Hiya, to cut a long story short, I adopted Tiger from a girl at work, who said she didn't have time for him and he smells!! Hmmm maybe he smelt beause he hadn't been cleaned out in a long time!!

Anyone after we both escaped her house, we got home, I went off to pet shop to pick up supplies. He is a syrian hampster, definatly a he! lol

He already had his cage, water bottle, bowl for food and a wheel, I brought him some wooden fruit on a stick ooo with a bell aswel  a ball to have a run around in, and some other foody bits.

I'm going to add a few pics in abit. I'm not sure the cage she had for him is right? or big enough? Abit of hampster tips wouldn't go a miss  I haven't had one since I was 15!


----------



## srhdufe (Feb 11, 2009)

ooo cant wait for piccies of the new hamster


----------



## thedogsmother (Aug 28, 2008)

Oooh lovely, if you post a picture of the cage or if you can find out what it is called I should be able to tell you if its ok. There is a sticky about hamster treats which is excellent and tells you what food treats they can have, let me know if you can't find it.


----------



## *WillsTillsBills* (May 12, 2009)

As promised the pics 

















[/ATTACH][/ATTACH]


----------



## srhdufe (Feb 11, 2009)

Oh he's cute... he looks like two of mine 

The cage is a little small tbh... (ferplast Duna)

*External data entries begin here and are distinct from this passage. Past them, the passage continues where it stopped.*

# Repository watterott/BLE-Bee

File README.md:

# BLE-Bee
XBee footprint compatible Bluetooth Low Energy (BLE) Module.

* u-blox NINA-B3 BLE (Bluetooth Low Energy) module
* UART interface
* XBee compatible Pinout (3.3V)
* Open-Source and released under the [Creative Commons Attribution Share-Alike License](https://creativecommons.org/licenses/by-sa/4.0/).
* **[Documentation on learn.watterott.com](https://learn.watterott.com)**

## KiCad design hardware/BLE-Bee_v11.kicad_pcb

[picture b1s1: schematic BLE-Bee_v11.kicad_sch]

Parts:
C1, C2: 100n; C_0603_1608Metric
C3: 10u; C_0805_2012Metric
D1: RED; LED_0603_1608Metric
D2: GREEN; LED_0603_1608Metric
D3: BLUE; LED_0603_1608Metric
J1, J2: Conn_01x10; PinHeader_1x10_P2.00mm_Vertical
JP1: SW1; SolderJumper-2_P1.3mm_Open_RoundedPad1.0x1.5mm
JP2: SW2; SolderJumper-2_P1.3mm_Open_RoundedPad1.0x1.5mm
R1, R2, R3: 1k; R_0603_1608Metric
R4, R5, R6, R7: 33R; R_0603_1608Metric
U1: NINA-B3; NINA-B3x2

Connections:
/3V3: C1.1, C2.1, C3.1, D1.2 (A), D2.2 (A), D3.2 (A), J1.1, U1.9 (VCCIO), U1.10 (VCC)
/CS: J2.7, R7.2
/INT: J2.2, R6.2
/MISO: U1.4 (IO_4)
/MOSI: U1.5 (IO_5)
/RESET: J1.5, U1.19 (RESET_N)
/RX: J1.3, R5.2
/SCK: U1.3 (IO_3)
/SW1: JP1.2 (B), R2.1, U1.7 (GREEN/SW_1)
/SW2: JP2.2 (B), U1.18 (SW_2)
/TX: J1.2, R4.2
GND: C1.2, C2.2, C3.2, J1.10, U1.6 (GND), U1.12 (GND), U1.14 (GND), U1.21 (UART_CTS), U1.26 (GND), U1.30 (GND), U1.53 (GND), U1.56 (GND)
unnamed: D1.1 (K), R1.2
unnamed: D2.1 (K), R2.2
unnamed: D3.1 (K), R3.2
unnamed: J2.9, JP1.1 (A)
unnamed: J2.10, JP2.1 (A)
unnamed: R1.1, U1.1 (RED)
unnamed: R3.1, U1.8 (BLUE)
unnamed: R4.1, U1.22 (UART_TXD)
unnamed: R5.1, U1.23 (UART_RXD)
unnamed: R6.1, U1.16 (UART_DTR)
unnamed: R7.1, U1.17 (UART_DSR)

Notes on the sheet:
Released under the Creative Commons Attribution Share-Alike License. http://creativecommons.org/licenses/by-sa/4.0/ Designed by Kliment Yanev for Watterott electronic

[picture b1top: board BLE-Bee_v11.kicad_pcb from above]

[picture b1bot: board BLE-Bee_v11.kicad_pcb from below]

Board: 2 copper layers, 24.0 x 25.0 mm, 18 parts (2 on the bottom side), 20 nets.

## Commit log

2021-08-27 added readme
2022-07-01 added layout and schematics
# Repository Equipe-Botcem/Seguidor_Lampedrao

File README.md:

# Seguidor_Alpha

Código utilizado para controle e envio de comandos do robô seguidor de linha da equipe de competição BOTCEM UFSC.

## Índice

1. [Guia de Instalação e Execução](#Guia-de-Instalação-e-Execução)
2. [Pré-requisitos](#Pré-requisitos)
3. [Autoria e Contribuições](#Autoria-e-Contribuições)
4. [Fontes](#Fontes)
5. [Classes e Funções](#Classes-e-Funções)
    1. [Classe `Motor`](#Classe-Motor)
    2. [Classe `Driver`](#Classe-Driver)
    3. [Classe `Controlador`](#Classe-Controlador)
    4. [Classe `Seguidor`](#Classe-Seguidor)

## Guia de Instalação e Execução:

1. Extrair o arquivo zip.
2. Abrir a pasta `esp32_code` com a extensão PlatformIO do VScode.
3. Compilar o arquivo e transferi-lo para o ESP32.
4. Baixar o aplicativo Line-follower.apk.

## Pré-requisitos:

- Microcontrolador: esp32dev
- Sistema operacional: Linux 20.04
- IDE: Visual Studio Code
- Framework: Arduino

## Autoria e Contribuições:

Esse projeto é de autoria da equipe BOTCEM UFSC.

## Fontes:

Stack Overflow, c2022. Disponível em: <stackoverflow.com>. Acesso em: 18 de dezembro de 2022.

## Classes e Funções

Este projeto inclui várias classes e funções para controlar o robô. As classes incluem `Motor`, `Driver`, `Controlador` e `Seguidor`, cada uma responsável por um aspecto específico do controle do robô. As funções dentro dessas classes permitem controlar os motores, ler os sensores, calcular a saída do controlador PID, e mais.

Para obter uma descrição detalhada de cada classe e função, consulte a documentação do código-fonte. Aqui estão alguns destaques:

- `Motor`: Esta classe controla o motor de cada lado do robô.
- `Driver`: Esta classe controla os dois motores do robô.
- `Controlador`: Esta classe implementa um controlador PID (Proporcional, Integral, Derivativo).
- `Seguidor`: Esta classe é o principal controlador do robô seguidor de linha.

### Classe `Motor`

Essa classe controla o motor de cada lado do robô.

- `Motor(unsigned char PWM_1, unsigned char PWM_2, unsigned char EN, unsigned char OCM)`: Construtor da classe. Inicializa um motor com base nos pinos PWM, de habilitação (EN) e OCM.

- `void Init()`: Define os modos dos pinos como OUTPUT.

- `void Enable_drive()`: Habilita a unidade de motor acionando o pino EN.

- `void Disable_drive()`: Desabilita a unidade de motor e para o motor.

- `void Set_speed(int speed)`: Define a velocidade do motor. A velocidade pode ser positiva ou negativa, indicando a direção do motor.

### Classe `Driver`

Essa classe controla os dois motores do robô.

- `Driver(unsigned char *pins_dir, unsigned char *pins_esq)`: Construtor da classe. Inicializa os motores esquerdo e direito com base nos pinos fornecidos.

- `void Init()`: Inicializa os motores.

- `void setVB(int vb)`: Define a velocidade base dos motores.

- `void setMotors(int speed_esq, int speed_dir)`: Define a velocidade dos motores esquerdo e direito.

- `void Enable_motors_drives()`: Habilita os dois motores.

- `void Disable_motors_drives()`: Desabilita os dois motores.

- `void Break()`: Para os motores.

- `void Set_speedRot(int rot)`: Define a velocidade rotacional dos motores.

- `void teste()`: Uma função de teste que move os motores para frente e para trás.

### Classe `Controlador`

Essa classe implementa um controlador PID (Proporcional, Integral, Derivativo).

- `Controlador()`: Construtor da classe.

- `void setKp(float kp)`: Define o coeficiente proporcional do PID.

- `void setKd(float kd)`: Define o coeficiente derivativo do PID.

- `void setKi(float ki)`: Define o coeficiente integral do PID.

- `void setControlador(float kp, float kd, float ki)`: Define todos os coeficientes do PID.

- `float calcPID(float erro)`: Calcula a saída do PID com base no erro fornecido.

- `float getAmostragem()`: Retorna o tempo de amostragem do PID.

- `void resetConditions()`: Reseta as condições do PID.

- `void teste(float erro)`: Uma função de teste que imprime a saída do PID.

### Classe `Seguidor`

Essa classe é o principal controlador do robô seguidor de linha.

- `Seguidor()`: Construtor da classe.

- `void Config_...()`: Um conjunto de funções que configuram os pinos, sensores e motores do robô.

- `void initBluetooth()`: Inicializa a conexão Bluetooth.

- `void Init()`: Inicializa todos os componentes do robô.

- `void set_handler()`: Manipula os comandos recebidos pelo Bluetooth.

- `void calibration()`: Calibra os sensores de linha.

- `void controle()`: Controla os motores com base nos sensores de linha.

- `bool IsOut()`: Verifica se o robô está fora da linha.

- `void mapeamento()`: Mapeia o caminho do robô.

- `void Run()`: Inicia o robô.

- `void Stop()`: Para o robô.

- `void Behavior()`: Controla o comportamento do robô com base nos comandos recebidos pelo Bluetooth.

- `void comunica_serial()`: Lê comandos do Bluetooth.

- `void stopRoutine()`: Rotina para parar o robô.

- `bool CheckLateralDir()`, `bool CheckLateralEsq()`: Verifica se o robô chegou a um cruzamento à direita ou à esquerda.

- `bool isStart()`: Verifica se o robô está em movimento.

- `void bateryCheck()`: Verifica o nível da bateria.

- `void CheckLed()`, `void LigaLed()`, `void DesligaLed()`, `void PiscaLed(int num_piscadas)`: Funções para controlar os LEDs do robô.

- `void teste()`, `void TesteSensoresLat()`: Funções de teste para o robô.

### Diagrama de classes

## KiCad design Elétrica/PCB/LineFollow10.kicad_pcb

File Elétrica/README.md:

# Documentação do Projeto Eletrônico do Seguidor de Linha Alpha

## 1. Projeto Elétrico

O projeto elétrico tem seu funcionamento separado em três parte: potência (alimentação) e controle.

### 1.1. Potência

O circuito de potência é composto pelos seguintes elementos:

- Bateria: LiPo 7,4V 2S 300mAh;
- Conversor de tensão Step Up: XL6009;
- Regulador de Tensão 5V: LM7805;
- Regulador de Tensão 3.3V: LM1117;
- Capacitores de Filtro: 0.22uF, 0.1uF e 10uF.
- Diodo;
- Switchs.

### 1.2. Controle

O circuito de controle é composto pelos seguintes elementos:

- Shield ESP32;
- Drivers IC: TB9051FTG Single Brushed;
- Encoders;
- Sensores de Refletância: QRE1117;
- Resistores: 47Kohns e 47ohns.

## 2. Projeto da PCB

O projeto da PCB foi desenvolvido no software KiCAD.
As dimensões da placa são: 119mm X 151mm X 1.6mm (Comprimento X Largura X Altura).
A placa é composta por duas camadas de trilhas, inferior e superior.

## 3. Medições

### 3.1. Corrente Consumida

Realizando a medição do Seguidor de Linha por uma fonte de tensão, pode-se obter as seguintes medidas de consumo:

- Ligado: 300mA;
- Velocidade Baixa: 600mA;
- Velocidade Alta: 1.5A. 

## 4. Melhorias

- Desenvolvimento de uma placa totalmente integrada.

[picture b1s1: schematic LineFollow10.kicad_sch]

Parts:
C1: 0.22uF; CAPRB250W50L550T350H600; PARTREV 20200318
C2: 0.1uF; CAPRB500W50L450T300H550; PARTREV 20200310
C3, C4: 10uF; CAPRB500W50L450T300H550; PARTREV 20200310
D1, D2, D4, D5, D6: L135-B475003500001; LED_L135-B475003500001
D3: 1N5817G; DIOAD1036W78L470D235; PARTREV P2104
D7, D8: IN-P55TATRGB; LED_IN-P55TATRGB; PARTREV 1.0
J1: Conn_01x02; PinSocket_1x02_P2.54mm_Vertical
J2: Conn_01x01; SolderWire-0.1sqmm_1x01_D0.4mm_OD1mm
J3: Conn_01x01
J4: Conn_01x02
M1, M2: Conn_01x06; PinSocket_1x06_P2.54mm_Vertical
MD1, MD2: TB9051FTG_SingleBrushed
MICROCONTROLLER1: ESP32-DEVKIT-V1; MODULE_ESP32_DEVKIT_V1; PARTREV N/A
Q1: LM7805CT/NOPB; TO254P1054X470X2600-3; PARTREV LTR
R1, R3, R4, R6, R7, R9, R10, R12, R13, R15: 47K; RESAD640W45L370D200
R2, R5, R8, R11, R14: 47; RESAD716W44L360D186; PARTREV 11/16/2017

I think most of us on here have Savic hamster heaven cages...


----------



## srhdufe (Feb 11, 2009)

Any questions you have, fire away


----------



## *WillsTillsBills* (May 12, 2009)

I love hampsters!! oooo have you got any pics of yours? I'm going to check out ebay for a new cage, i defiantely thought it was abit small, hes a big boy!  I'm going to check out these Savic heaven cages! sound good!


----------



## *WillsTillsBills* (May 12, 2009)

Just had a look, I like the heaven and the cambridge ones!


----------



## *WillsTillsBills* (May 12, 2009)

srhdufe said:


> Any questions you have, fire away


Oooo you'll end up regretting saying that lol

Umm, lets see, when I cleaned out his cage, I noticed that one of the corners had gone white, I'm guessing where its not been cleaned out and thats where he does his business?

Handling him, I think hes rarely been handled, any tips on how to start the process? he seems very friendly, I think he wants to be cuddled lol

Is there a certain amount of time I should spend with him, and how long can he go in him ball at a time?

thhhhhannnkkkyou


----------



## *WillsTillsBills* (May 12, 2009)

thedogsmother said:


> Oooh lovely, if you post a picture of the cage or if you can find out what it is called I should be able to tell you if its ok. There is a sticky about hamster treats which is excellent and tells you what food treats they can have, let me know if you can't find it.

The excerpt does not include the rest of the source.